12:59:19 <Slereah> http://www.zib.de/zuse/Inhalt/Kommentare/Html/0684/universal2.html
12:59:22 <Insane> Hmm, no, I mean like the + instruction doubles the value at the same time, and the * instruction would print it etc.
13:01:26 <Insane> I'm just trying to invent an interesting new language :P
13:01:50 <Insane> Is there a language harder than malbolge?
13:02:14 <Insane> I need something to write an interpreter for, now that my C# malbolge interpreter works fine
13:02:39 <Slereah> There's some suggestions to make Malbolge more difficult on the wiki IIRC.
13:04:58 -!- jix has joined.
13:32:32 <Slereah> Would this be confusing enough? A language that's based on the current time.
13:33:00 <Slereah> Instructions would just be wait and execute, and the execution would depend on the current time.
13:33:13 <Slereah> It would be quite vulnerable to lag.
13:37:52 <Slereah> PRINTS HELLO WORLD ON FULL MOONS!

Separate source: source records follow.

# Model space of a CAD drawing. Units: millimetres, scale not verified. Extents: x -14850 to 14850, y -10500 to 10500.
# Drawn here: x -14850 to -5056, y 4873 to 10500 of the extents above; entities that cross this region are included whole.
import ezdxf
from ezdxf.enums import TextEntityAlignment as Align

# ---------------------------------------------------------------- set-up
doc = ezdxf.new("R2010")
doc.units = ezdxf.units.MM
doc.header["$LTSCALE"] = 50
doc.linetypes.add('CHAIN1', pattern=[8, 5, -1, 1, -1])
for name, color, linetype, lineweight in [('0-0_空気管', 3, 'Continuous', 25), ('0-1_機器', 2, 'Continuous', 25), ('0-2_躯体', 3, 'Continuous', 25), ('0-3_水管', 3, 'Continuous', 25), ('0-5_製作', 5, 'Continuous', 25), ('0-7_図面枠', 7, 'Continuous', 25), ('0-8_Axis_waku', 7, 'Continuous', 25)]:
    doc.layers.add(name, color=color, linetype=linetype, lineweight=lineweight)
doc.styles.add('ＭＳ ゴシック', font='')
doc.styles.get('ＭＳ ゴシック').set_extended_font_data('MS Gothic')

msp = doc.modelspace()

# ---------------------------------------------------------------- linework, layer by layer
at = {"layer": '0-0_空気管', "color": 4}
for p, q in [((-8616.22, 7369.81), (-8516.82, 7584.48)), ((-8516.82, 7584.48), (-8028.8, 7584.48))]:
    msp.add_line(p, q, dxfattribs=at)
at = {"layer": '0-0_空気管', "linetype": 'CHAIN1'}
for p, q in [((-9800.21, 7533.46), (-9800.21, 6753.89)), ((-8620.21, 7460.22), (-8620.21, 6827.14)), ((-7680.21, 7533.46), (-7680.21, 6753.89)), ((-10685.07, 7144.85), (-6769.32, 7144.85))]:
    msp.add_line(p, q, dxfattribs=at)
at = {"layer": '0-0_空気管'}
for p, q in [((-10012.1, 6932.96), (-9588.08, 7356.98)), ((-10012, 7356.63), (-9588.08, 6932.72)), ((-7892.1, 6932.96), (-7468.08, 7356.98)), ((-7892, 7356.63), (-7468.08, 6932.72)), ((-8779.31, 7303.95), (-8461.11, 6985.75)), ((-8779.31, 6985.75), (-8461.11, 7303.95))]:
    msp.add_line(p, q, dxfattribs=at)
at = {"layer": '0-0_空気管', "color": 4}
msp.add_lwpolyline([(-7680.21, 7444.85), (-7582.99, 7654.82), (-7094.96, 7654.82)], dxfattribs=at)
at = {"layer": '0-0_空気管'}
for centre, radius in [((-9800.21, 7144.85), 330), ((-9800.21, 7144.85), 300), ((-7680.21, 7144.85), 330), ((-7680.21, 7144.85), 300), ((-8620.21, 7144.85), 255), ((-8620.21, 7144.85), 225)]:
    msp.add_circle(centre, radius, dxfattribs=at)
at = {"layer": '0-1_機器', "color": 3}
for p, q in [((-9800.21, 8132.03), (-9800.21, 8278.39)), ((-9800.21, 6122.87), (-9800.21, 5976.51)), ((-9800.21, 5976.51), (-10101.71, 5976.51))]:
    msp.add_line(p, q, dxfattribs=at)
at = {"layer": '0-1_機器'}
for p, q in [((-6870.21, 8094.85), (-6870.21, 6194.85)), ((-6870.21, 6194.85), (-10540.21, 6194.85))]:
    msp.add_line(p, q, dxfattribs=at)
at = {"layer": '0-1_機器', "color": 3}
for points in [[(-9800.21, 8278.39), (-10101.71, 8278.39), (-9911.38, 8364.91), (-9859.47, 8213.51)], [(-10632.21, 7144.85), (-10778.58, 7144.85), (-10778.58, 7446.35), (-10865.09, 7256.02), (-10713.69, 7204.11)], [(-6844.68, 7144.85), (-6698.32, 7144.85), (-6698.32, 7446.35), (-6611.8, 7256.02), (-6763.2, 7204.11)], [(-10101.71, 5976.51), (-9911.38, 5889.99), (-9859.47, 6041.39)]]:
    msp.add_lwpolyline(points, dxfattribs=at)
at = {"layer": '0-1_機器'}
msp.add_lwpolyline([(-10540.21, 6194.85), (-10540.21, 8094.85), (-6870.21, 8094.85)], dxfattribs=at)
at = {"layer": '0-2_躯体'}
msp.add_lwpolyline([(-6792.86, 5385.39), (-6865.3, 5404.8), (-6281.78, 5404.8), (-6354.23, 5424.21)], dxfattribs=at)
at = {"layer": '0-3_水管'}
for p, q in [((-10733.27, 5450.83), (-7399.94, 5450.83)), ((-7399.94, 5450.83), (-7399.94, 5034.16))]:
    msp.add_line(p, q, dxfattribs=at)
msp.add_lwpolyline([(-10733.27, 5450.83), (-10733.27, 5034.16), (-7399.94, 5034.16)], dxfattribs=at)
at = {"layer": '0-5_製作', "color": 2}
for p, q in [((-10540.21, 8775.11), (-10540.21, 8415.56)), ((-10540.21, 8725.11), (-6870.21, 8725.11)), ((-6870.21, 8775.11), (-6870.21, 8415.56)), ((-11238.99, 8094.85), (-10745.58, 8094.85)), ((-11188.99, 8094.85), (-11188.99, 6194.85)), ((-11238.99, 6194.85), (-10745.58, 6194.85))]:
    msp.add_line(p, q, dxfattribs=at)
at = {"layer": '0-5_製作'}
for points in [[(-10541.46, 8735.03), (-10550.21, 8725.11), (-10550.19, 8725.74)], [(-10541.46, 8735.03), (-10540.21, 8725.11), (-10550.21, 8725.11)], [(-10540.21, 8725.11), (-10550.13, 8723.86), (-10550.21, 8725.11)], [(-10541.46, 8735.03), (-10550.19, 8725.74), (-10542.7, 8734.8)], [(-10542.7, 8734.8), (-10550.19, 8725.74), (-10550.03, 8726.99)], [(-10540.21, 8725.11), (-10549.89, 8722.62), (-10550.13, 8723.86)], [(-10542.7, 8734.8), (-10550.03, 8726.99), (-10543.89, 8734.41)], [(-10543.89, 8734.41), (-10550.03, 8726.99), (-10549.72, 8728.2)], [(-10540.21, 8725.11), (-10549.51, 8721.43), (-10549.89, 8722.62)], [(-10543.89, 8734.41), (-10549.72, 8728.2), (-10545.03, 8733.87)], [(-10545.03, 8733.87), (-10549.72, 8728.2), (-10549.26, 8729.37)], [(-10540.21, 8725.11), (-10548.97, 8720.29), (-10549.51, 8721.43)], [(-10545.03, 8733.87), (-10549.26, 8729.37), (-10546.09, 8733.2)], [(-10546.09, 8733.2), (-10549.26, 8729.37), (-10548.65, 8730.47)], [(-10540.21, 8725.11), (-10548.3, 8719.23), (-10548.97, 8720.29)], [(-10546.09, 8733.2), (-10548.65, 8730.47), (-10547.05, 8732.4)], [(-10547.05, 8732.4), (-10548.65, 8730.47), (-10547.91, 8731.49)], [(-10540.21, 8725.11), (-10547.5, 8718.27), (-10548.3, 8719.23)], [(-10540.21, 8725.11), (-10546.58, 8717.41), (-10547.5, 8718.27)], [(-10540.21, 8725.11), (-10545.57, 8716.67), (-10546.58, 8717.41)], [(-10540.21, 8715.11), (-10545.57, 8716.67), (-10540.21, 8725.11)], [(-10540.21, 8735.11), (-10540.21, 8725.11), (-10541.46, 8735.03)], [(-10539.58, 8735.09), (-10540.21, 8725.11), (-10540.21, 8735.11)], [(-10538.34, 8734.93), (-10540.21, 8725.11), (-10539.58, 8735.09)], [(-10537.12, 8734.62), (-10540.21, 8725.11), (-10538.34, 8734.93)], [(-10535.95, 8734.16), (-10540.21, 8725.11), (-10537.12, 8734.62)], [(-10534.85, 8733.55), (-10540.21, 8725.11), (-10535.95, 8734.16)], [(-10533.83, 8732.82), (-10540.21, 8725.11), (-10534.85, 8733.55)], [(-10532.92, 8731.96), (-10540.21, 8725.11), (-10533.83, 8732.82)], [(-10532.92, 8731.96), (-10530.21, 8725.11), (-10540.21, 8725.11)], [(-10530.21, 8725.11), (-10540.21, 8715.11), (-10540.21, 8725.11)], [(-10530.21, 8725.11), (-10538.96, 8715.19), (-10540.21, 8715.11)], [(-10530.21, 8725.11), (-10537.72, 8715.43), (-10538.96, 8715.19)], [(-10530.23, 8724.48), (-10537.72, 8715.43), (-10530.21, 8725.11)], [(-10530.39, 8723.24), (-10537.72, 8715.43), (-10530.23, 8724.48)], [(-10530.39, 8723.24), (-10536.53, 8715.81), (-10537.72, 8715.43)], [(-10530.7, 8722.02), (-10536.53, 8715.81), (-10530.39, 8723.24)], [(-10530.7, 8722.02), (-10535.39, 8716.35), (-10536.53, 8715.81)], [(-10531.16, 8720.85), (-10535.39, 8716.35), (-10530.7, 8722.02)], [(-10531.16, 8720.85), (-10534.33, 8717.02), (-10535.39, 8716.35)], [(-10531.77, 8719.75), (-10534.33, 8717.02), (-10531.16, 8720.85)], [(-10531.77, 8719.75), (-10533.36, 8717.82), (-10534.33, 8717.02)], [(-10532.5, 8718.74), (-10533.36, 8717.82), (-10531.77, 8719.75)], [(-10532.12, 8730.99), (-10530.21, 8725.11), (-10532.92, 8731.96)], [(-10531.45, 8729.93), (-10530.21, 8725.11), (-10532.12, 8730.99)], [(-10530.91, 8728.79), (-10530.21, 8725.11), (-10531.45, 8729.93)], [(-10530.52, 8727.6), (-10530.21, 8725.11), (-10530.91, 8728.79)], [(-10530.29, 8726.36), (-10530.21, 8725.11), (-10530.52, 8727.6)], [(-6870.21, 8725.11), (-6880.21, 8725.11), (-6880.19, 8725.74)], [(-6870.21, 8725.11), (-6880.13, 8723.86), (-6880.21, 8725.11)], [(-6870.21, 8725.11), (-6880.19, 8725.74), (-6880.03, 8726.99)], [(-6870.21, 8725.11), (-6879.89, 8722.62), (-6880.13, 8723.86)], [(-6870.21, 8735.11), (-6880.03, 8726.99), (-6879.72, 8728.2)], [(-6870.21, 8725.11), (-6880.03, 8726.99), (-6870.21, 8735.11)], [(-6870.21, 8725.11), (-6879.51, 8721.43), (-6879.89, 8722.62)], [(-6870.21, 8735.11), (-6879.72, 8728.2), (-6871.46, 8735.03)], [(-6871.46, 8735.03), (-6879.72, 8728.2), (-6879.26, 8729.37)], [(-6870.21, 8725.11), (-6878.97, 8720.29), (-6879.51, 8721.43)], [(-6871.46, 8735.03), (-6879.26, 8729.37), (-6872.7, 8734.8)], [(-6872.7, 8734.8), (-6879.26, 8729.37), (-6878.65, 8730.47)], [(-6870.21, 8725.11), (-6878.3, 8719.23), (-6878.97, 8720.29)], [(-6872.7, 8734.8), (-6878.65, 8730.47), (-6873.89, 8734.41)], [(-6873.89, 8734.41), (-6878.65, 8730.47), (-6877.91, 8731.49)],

13:38:00 <Insane> reminds me of my "EFFICIENCY" prototype, a language that's so slow programmers *need* to write efficient code
13:38:12 <Slereah> Although for that, I guess you'd need more than just two instructions.
13:38:18 <Slereah> Like also sum conditionals.
13:39:15 <Slereah> You'd also have to time the execution time of the commands, otherwise you'd be screwed!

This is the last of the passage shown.